I know that I've never viewed health insurance as a part of my life the way some people might - we had it, in some form or another, for most of my life. We were the 'lucky' ones, the ones who could go to the hospital for an ear ache or sinus infection.
But my yearly physicals were more bi-annual, when they happened at all. I think our co-pay hovered in the $15-20 range per visit, per kid, which might sound like nothing to you but was a LOT to us. We were pretty healthy kids. I usually got hit with a sinus infection or bronchitis every 12-18 months, ending with a trip to the not-quite-emergency room (people in Athens know the name, but I can't remember it right this minute). My mother put off going to the doctor for some (still not fully resolved) issues because of the cost and the knowledge that they wouldn't be able to diagnose quickly and prescribe an easy fix, and I feel like there was also an acknowledgment that whatever it was could be a 'pre-existing condition.' If it wasn't one today, it could be later, when my dad switched jobs again.
So she went to the doctor, they did some stuff, it didn't fix much, and as they were still trying to figure it out, my dad was fired. (Not lost his job, as that implies that the job disappeared to some distant town or country. No, he was fired and it still disgusts me and made me skeptical and resentful of the concept of 'at will' employment.)
We didn't go to the doctor growing up because of the cost. When I was 9, my pediatrician noticed that my collarbones were uneven. My parents didn't shield us from much, or so I thought, but now that I'm older, I realize they did that year. It was the year my youngest brother was born, which is a whole 'nother story, but now I've realized that they kept me from fully understanding the costs of my pediatrician noticing that. I had an x-ray that day, then an MRI (which I fell asleep in) and a CAT scan (which I did not fall asleep in, and was actually quite terrified of). I have no idea how much of that was covered by our insurance. I know that we had some sort of supplemental insurance via the government.
I'm realizing how much I don't understand insurance or health care.

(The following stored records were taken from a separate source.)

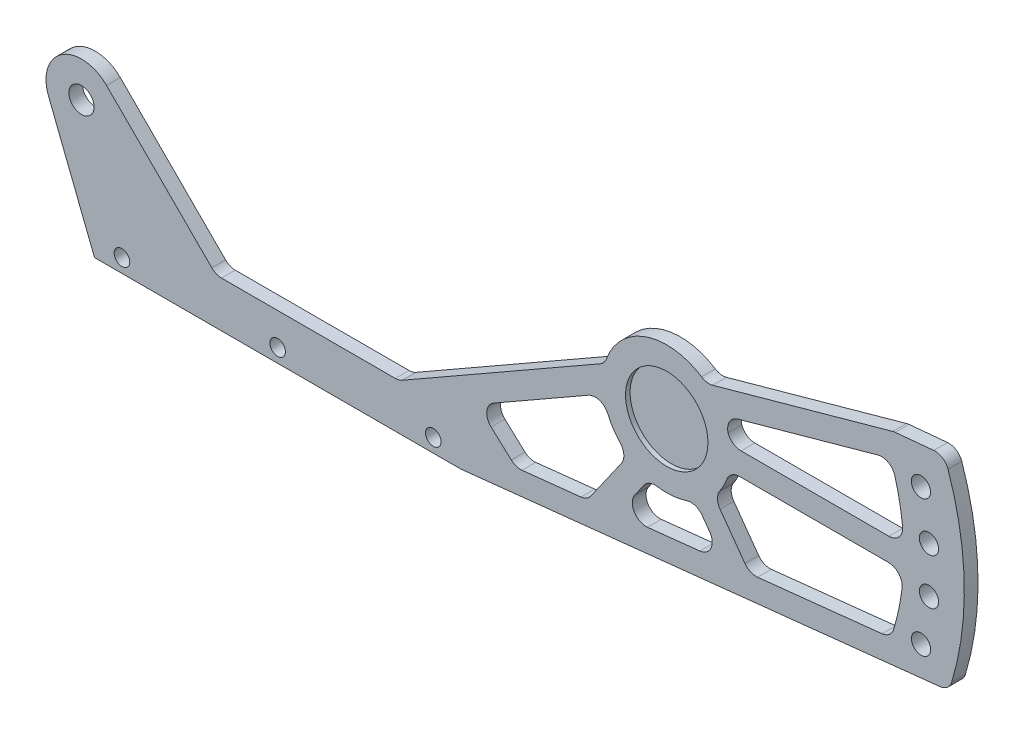
from build123d import *

# Parameters (mm, degrees)
EXTRUDE_1_DEPTH     = 3
HOLE_WIZARD_M31_D   = 3.4
SKETCH_5_R          = 2.749999999999999
EXTRUDE_2_DEPTH     = 3
CUT_EXTRUDE_1_DEPTH = 198.9348007797117
M5X0_81_D           = 4.2
CUT_EXTRUDE_2_DEPTH = 198.9348007797117
CUT_EXTRUDE_3_DEPTH = 198.9348007797117
FILLET_1_R          = 3
SKETCH_12_R         = 8.999999999999996
CUT_EXTRUDE_4_DEPTH = 1


with BuildPart() as part:
    # Эскиз1 → Бобышка-Вытянуть1 (new body)
    with BuildSketch(Plane.XY):
        with BuildLine():
            Line((0, 0), (80, 0))
            Line((80, 0), (186.64735263363326, 11.394080625595256))
            ThreePointArc((186.64735263363326, 11.394080625595256), (189.98303763522418, 33.48486352875775), (185.64181138843185, 55.40022887772366))
            Line((185.64181138843185, 55.40022887772366), (29.81788185582472, 40.959090919498855))
            Line((29.81788185582472, 40.959090919498855), (1.6e-16, 40.959090919498855))
            Line((1.6e-16, 40.959090919498855), (0, 0))
        make_face()
    extrude(amount=EXTRUDE_1_DEPTH)

    # Отверстие с зазором M31 (through all)
    with Locations(Plane.XY.offset(3)):
        with Locations((6, 3), (40, 3), (74, 3)):
            Hole(HOLE_WIZARD_M31_D / 2)

    # Эскиз5 → Бобышка-Вытянуть2 (add)
    with BuildSketch(Plane.XY.offset(3)):
        with BuildLine():
            Line((-10.05858051013897, 25.55645888767347), (0, 0))
            Line((0, 0), (0, 21.18668565496398))
            ThreePointArc((0, 21.18668565496398), (0.24099496955508215, 35.503000018294074), (-10.05858051013897, 25.55645888767347))
        make_face()
        with Locations((-2.8470386460772503, 28.39479712384004)):
            Circle(SKETCH_5_R, mode=Mode.SUBTRACT)
    extrude(amount=-EXTRUDE_2_DEPTH)

    # Эскиз6 → Вырез-Вытянуть1 (cut, through all)
    with BuildSketch(Plane.XY.offset(3)):
        with BuildLine():
            Line((2.6330389081184924, 33.874874678035766), (26.507913586154185, 10.000000000000002))
            Line((26.507913586154185, 10.000000000000002), (66.50791358615419, 10))
            Line((66.50791358615419, 10), (104.37682925914895, 47.8689156729949))
            Line((104.37682925914895, 47.8689156729949), (29.817881855824798, 40.95909091949886))
            Line((29.817881855824798, 40.95909091949886), (1.6e-16, 40.959090919498855))
            Line((1.6e-16, 40.959090919498855), (0, 35.60290859271609))
            ThreePointArc((0, 35.60290859271609), (1.4052244403019993, 34.874053149358424), (2.6330389081184924, 33.874874678035766))
        make_face()
    extrude(amount=-CUT_EXTRUDE_1_DEPTH, mode=Mode.SUBTRACT)

    # Отверстие обработанное метчиком M5x0.81 (through all)
    with Locations(Plane.XY.offset(3)):
        with Locations((180.527942872, 46.929754199), (182.276873258, 37.060611597), (182.285474835, 27.037704871), (180.553486246, 17.165574973)):
            Hole(M5X0_81_D / 2)

    # Эскиз10 → Вырез-Вытянуть2 (cut, through all)
    with BuildSketch(Plane.XY.offset(3)):
        with BuildLine():
            Line((66.50791358615419, 10), (111.50918528954904, 35.741379217384946))
            ThreePointArc((111.50918528954904, 35.741379217384946), (120.64604118056285, 45.30575223723353), (133.66945767503876, 42.9927477739058))
            Line((133.66945767503876, 42.9927477739058), (174.65262323365093, 54.38179491403086))
            Line((174.65262323365093, 54.38179491403086), (104.37682925914895, 47.8689156729949))
            Line((104.37682925914895, 47.8689156729949), (66.50791358615419, 10))
        make_face()
    extrude(amount=-CUT_EXTRUDE_2_DEPTH, mode=Mode.SUBTRACT)

    # Эскиз11 → Вырез-Вытянуть3 (cut, through all)
    with BuildSketch(Plane.XY.offset(3)):
        with BuildLine():
            Line((92.03441017428995, 6.314197935775633), (107.63021765734568, 7.980436088856215))
            Line((107.63021765734568, 7.980436088856215), (116.60825973560767, 20.79380995453953))
            ThreePointArc((116.60825973560767, 20.79380995453953), (113.01565006615179, 24.762917945534056), (111.17548635848748, 29.790289028937345))
            Line((111.17548635848748, 29.790289028937345), (83.6237542782258, 14.03029921690936))
            Line((83.6237542782258, 14.03029921690936), (92.03441017428995, 6.314197935775633))
        make_face()
        with BuildLine():
            Line((173.93078584223207, 48.99172434981097), (137.24012127463044, 38.79554495109394))
            ThreePointArc((137.24012127463044, 38.79554495109394), (138.25871477406997, 36.49516212609262), (138.84915367150305, 34.04962010701802))
            Line((138.84915367150305, 34.04962010701802), (176.75654119949715, 34.04962010701802))
            ThreePointArc((176.75654119949715, 34.04962010701802), (175.8950005059697, 41.62493755905363), (173.93078584223207, 48.99172434981097))
        make_face()
        with BuildLine():
            Line((121.13678636305278, 18.543567322826398), (114.22945460790407, 8.685490982627265))
            Line((114.22945460790407, 8.685490982627265), (137.37877384972535, 11.158737653597806))
            Line((137.37877384972535, 11.158737653597806), (131.35012272889716, 19.52298347648991))
            ThreePointArc((131.35012272889716, 19.52298347648991), (126.33641056880738, 18.063931444213534), (121.13678636305278, 18.543567322826398))
        make_face()
        with BuildLine():
            Line((143.10149490164468, 11.770146595809063), (173.95081110549165, 15.066052095485405))
            ThreePointArc((173.95081110549165, 15.066052095485405), (175.8152185482702, 21.96236763923512), (176.7130134299426, 29.049620107018022))
            Line((176.7130134299426, 29.049620107018022), (138.68558579261725, 29.049620107018022))
            ThreePointArc((138.68558579261725, 29.049620107018022), (137.43996226457978, 25.57759088380138), (135.33074101249935, 22.551413326181333))
            Line((135.33074101249935, 22.551413326181333), (143.10149490164468, 11.770146595809063))
        make_face()
    extrude(amount=-CUT_EXTRUDE_3_DEPTH, mode=Mode.SUBTRACT)

    # Скругление1
    # the kernel refuses this fillet: 3 mm, written as the material it adds along each edge
    with BuildSketch(Plane(origin=(133.66945767503876, 42.992747773905805, 3), x_dir=(-0.8130725400087585, 0.5821623868678788, 0), z_dir=(0, 0, -1))) as fillet_1_piece_1:
        with BuildLine():
            CenterArc((1.4378103136794376, 2.996771470104822), FILLET_1_R, 218.86683700391524, 48.47477501487009)
            Line((-0.8980091423480934, 1.1142339621535844), (0, 0))
            ThreePointArc((0, 0), (0.6493336900487631, 0.01506647284415901), (1.2986673800975244, 0))
        make_face()
    extrude(amount=3)
    with BuildSketch(Plane(origin=(111.50918528954904, 35.741379217384946, 3), x_dir=(-0.8680239741683529, -0.49652228577273216, 0), z_dir=(0, 0, -1))) as fillet_1_piece_2:
        with BuildLine():
            CenterArc((1.16542958022559, 2.9999999999999964), FILLET_1_R, 229.5997180782211, 40.4002819217792)
            ThreePointArc((-0.7789413643040896, 0.7153946445679564), (-0.382712836911811, 0.3650554500406897), (0, 0))
            Line((0, 0), (1.165429580225606, 1e-17))
        make_face()
    extrude(amount=3)
    with BuildSketch(Plane(origin=(92.03441017428995, 6.314197935775633, 3), x_dir=(0.9943411291859616, 0.10623426381910231, 0), z_dir=(0, 0, -1))) as fillet_1_piece_3:
        with BuildLine():
            CenterArc((FILLET_1_R * 0.451855277113, -FILLET_1_R), FILLET_1_R, 89.9999999999999, 48.632165419305906)
            Line((-FILLET_1_R * 0.298626929798, -FILLET_1_R * 0.339109345572), (0, 0))
            Line((0, 0), (FILLET_1_R * 0.451855277113, -1e-17))
        make_face()
    extrude(amount=3)
    with BuildSketch(Plane(origin=(83.6237542782258, 14.03029921690936, 3), x_dir=(0.8680239741683552, 0.496522285772728, 0), z_dir=(0, 0, -1))) as fillet_1_piece_4:
        with BuildLine():
            CenterArc((FILLET_1_R * 1.36872958736, FILLET_1_R), FILLET_1_R, 162.30406475526607, 107.69593524473399)
            Line((FILLET_1_R * 0.416046539376, FILLET_1_R * 1.30396547515), (0, 0))
            Line((0, 0), (FILLET_1_R * 1.36872958736, -5e-17))
        make_face()
    extrude(amount=3)
    with BuildSketch(Plane(origin=(111.17548635848748, 29.790289028937345, 3), x_dir=(0.2779694371109165, -0.960589918764631, 0), z_dir=(0, 0, -1))) as fillet_1_piece_5:
        with BuildLine():
            CenterArc((3.8089394275276667, 2.977268689428244), FILLET_1_R, 166.36886991345514, 96.57341947464624)
            Line((0.893440130163459, 3.684279189398942), (0, 0))
            ThreePointArc((0, 0), (1.720166193077011, 0.10607944933485743), (3.4403323861540267, -8e-17))
        make_face()
    extrude(amount=3)
    with BuildSketch(Plane(origin=(116.60825973560767, 20.79380995453953, 3), x_dir=(-0.5738346401441979, -0.8189711873873091, 0), z_dir=(0, 0, -1))) as fillet_1_piece_6:
        with BuildLine():
            CenterArc((2.6548645047083914, 3.0000000000000018), FILLET_1_R, 191.68179125859942, 78.31820874140055)
            ThreePointArc((-0.28299711772598396, 2.392571742979232), (-0.08993594197380265, 1.2023847782433434), (0, 0))
            Line((0, 0), (2.654864504708389, 0))
        make_face()
    extrude(amount=3)
    with BuildSketch(Plane(origin=(107.63021765734568, 7.980436088856215, 3), x_dir=(-0.9943411291859616, -0.10623426381910264, 0), z_dir=(0, 0, -1))) as fillet_1_piece_7:
        with BuildLine():
            CenterArc((FILLET_1_R * 0.4545006609, FILLET_1_R), FILLET_1_R, 221.11634455075327, 48.883655449246646)
            Line((-FILLET_1_R * 0.298875173788, FILLET_1_R * 0.342409814772), (0, 0))
            Line((0, 0), (FILLET_1_R * 0.4545006609, 0))
        make_face()
    extrude(amount=3)
    with BuildSketch(Plane(origin=(137.37877384972535, 11.158737653597806, 3), x_dir=(-0.9943411291859617, -0.10623426381910242, 0), z_dir=(0, 0, -1))) as fillet_1_piece_8:
        with BuildLine():
            CenterArc((FILLET_1_R * 1.72108797237, FILLET_1_R), FILLET_1_R, 150.3155592750541, 119.68444072494606)
            Line((FILLET_1_R * 0.852321942917, FILLET_1_R * 1.49522276409), (0, 0))
            Line((0, 0), (FILLET_1_R * 1.72108797237, -6e-17))
        make_face()
    extrude(amount=3)
    with BuildSketch(Plane(origin=(114.22945460790407, 8.685490982627265, 3), x_dir=(0.5738346401441975, 0.8189711873873095, 0), z_dir=(0, 0, -1))) as fillet_1_piece_9:
        with BuildLine():
            CenterArc((FILLET_1_R * 2.20021682261, FILLET_1_R), FILLET_1_R, 138.8836554492469, 131.11634455075307)
            Line((FILLET_1_R * 1.44684098792, FILLET_1_R * 1.65759018523), (0, 0))
            Line((0, 0), (FILLET_1_R * 2.20021682261, 2e-17))
        make_face()
    extrude(amount=3)
    with BuildSketch(Plane(origin=(121.13678636305278, 18.543567322826398, 3), x_dir=(-0.5738346401441984, -0.8189711873873087, 0), z_dir=(0, 0, -1))) as fillet_1_piece_10:
        with BuildLine():
            CenterArc((1.990265982493936, -3.0000000000000013), FILLET_1_R, 89.99999999999993, 63.60335445318877)
            ThreePointArc((-0.6969473887897009, -1.666251786432529), (-0.32157533753284756, -0.844376737614642), (0, 0))
            Line((0, 0), (1.9902659824939402, 5e-17))
        make_face()
    extrude(amount=3)
    with BuildSketch(Plane(origin=(131.35012272889716, 19.522983476489905, 3), x_dir=(0.5847130820131278, -0.8112401689528875, 0), z_dir=(0, 0, -1))) as fillet_1_piece_11:
        with BuildLine():
            CenterArc((2.3682065417982856, 3.0000000000000004), FILLET_1_R, 197.6131255819165, 72.3868744180835)
            ThreePointArc((-0.4911575816723561, 2.0922352675891354), (-0.20537262369653822, 1.0555561343908344), (0, 0))
            Line((0, 0), (2.368206541798286, 1e-17))
        make_face()
    extrude(amount=3)
    with BuildSketch(Plane(origin=(173.93078584223207, 48.99172434981097, 3), x_dir=(-0.9634885943550286, -0.26774937637232876, 0), z_dir=(0, 0, -1))) as fillet_1_piece_12:
        with BuildLine():
            CenterArc((2.897416461846995, -3.0000000000000013), FILLET_1_R, 90.00000000000013, 89.6828037551533)
            ThreePointArc((-0.1025375653525866, -2.9833917282944458), (-0.07276547265506263, -1.4909570345015974), (0, 0))
            Line((0, 0), (2.8974164618469884, -5e-17))
        make_face()
    extrude(amount=3)
    with BuildSketch(Plane(origin=(176.75654119949715, 34.04962010701802, 3), x_dir=(-1, 0, 0), z_dir=(0, 0, -1))) as fillet_1_piece_13:
        with BuildLine():
            CenterArc((3.221407714928148, 3), FILLET_1_R, 174.06028761643057, 95.93971238356943)
            ThreePointArc((0.23751372052348074, 3.310445857043881), (0.09223500645424565, 1.6571257852503223), (0, 0))
            Line((0, 0), (3.221407714928148, 0))
        make_face()
    extrude(amount=3)
    with BuildSketch(Plane(origin=(138.84915367150305, 34.04962010701802, 3), x_dir=(-0.22238352713061194, 0.9749592642059198, 0), z_dir=(0, 0, -1))) as fillet_1_piece_14:
        with BuildLine():
            CenterArc((2.394810958848804, 2.9910348047399777), FILLET_1_R, 192.84906769128517, 72.72030630224907)
            Line((-0.5300668337689619, 2.32388422334817), (0, 0))
            ThreePointArc((0, 0), (1.081527529802683, 0.04183757788016305), (2.163055059605388, 0))
        make_face()
    extrude(amount=3)
    with BuildSketch(Plane(origin=(137.24012127463044, 38.79554495109394, 3), x_dir=(0.9634885943550292, 0.2677493763723269, 0), z_dir=(0, 0, -1))) as fillet_1_piece_15:
        with BuildLine():
            CenterArc((3.3851332754644625, 3.0000000000000013), FILLET_1_R, 179.08948046092507, 90.91051953907493)
            ThreePointArc((0.3855120801952658, 3.047672684965048), (0.27660128884680796, 1.5132304278712665), (0, 0))
            Line((0, 0), (3.3851332754644634, 6e-17))
        make_face()
    extrude(amount=3)
    with BuildSketch(Plane(origin=(143.10149490164468, 11.770146595809063, 3), x_dir=(0.9943411291859617, 0.10623426381910227, 0), z_dir=(0, 0, -1))) as fillet_1_piece_16:
        with BuildLine():
            CenterArc((FILLET_1_R * 0.581027824292, -FILLET_1_R), FILLET_1_R, 90.00000000000017, 60.3155592750542)
            Line((-FILLET_1_R * 0.287738205159, -FILLET_1_R * 0.50477723591), (0, 0))
            Line((0, 0), (FILLET_1_R * 0.581027824292, -1e-17))
        make_face()
    extrude(amount=3)
    with BuildSketch(Plane(origin=(135.33074101249935, 22.551413326181333, 3), x_dir=(0.6191906205716086, 0.7852407117541386, 0), z_dir=(0, 0, -1))) as fillet_1_piece_17:
        with BuildLine():
            CenterArc((2.264587612579221, 2.9919845725048013), FILLET_1_R, 195.96022348085205, 69.85051867741447)
            Line((-0.6197708484362799, 2.1670747178126035), (0, 0))
            ThreePointArc((0, 0), (1.0227169863260859, 0.03740532831092148), (2.0454339726521837, 5e-17))
        make_face()
    extrude(amount=3)
    with BuildSketch(Plane(origin=(138.68558579261725, 29.049620107018022, 3), x_dir=(1, 0, 0), z_dir=(0, 0, -1))) as fillet_1_piece_18:
        with BuildLine():
            CenterArc((2.239017157823781, 3), FILLET_1_R, 200.4886819411101, 69.51131805888991)
            ThreePointArc((-0.5712068922540539, 1.9499329600620143), (-0.2501815737843174, 0.9853428458000373), (0, 0))
            Line((0, 0), (2.239017157823781, 0))
        make_face()
    extrude(amount=3)
    with BuildSketch(Plane(origin=(176.7130134299426, 29.049620107018022, 3), x_dir=(-0.08949841173945887, -0.9959869649227917, 0), z_dir=(0, 0, -1))) as fillet_1_piece_19:
        with BuildLine():
            CenterArc((3.2815211967518683, 2.998403344451645), FILLET_1_R, 174.86524824854192, 97.00415022459947)
            Line((0.29356030198349303, 3.266898579670022), (0, 0))
            ThreePointArc((0, 0), (1.6896926532610193, -0.02756738048459419), (3.37938530652206, -2e-17))
        make_face()
    extrude(amount=3)
    with BuildSketch(Plane(origin=(173.95081110549165, 15.066052095485404, 3), x_dir=(-0.994341129185962, -0.1062342638191007, 0), z_dir=(0, 0, -1))) as fillet_1_piece_20:
        with BuildLine():
            CenterArc((1.944914405279492, 2.9999999999999996), FILLET_1_R, 202.9640654934915, 67.03593450650857)
            ThreePointArc((-0.8173347828283964, 1.8295387991063596), (-0.41751534735678364, 0.9108166317013427), (0, 0))
            Line((0, 0), (1.944914405279496, -1e-17))
        make_face()
    extrude(amount=3)
    with BuildSketch(Plane(origin=(66.50791358615419, 10, 3), x_dir=(-1, 0, 0), z_dir=(0, 0, -1))) as fillet_1_piece_21:
        with BuildLine():
            CenterArc((FILLET_1_R * 0.265800810182, FILLET_1_R), FILLET_1_R, 240.229818231195, 29.770181768805003)
            Line((-FILLET_1_R * 0.230721475591, FILLET_1_R * 0.131976025832), (0, 0))
            Line((0, 0), (FILLET_1_R * 0.265800810182, 0))
        make_face()
    extrude(amount=3)
    with BuildSketch(Plane(origin=(26.507913586154185, 10.000000000000002, 3), x_dir=(-0.7071067811865482, 0.7071067811865468, 0), z_dir=(0, 0, -1))) as fillet_1_piece_22:
        with BuildLine():
            CenterArc((FILLET_1_R * 0.414213562373, FILLET_1_R), FILLET_1_R, 225.00000000000006, 45.000000000000114)
            Line((-FILLET_1_R * 0.292893218813, FILLET_1_R * 0.292893218813), (0, 0))
            Line((0, 0), (FILLET_1_R * 0.414213562373, 1e-17))
        make_face()
    extrude(amount=3)
    # the kernel refuses this fillet: 3 mm, written as the material it takes off along each edge
    with BuildSketch(Plane(origin=(174.6526232336509, 54.381794914030856, 3.6717035747929345), x_dir=(-0.9634885943550205, -0.26774937637235796, 0), z_dir=(0, 0, -1))) as fillet_1_2_piece_1:
        with BuildLine():
            CenterArc((FILLET_1_R * 0.0895604766391, -FILLET_1_R), FILLET_1_R, 90.00000000000188, 10.235566175230105)
            Line((-FILLET_1_R * 0.0881351658569, -FILLET_1_R * 0.0159145064386), (0, 0))
            Line((0, 0), (FILLET_1_R * 0.0895604766391, -1e-17))
        make_face()
    extrude(amount=4.34340714958587, mode=Mode.SUBTRACT)
    with BuildSketch(Plane(origin=(185.64181138843185, 55.40022887772366, -5.916554139644239), x_dir=(0.3429596926027861, -0.9393501206950486, 0), z_dir=(0, 0, 1))) as fillet_1_2_piece_2:
        with BuildLine():
            CenterArc((2.312007309953282, -2.999502837675169), FILLET_1_R, 88.95688520370253, 76.28063656309585)
            Line((-0.5889640915743037, -2.2350651832395365), (0, 0))
            ThreePointArc((0, 0), (1.183310827928844, 0.010771850371206), (2.366621655857689, 6e-17))
        make_face()
    extrude(amount=14.833108279288478, mode=Mode.SUBTRACT)
    with BuildSketch(Plane(origin=(186.64735263363326, 11.394080625595256, -5.014960799028406), x_dir=(-0.9943411291859617, -0.10623426381910225, 0), z_dir=(0, 0, 1))) as fillet_1_2_piece_3:
        with BuildLine():
            CenterArc((1.9591455422097777, -2.9999999999999996), FILLET_1_R, 89.99999999999983, 67.1875610802881)
            ThreePointArc((-0.806191458360402, -1.8368528582859858), (-0.41018210878156197, -0.9153162297170893), (0, 0))
            Line((0, 0), (1.9591455422097865, 2e-17))
        make_face()
    extrude(amount=13.029921598056813, mode=Mode.SUBTRACT)

    # Эскиз12 → Вырез-Вытянуть4 (cut)
    with BuildSketch(Plane.XY.offset(3)):
        with Locations((124.99999999999999, 31.999999999999986)):
            Circle(SKETCH_12_R)
    extrude(amount=-CUT_EXTRUDE_4_DEPTH, mode=Mode.SUBTRACT)


solid = part.part

When I started at OU, I signed up for their insurance, which covers all prescriptions (though I'm fuzzy on things like vaccines). Because of the past two years and all the various things I've had to go to the doctor, I've been afraid of getting hit with the 'pre-existing condition.' I've been relieved to spend so little on my doctors visits - $40 paid to the university for the well-being plan has saved me several thousand dollars, as has the nearly $400 I pay per quarter for the insurance. But I've looked toward graduation with a wary eye, afraid that I will get a job and be punished for things beyond my control.
So, there is a sense of relief at the rules for 2014. But also a fear, for my family.
Things are improving for us, economically, but how are they supposed to afford insurance they are now required to buy? (Yes, they've been covered by the state, but it's a fluctuating thing that, again, I don't fully understand.) How does THAT work?
I'm for health care/insurance for all. I don't think kids should have to grow up without getting to see the doctor or the dentist or the optometrist. I don't think adults should have to stay in crappy jobs just because they have insurance they don't get to use, but they need it because they get the flu once a year, or their kids tend to get ear infections.
But I'm skeptical. I have a history of disappointments and insurance not equalling health care.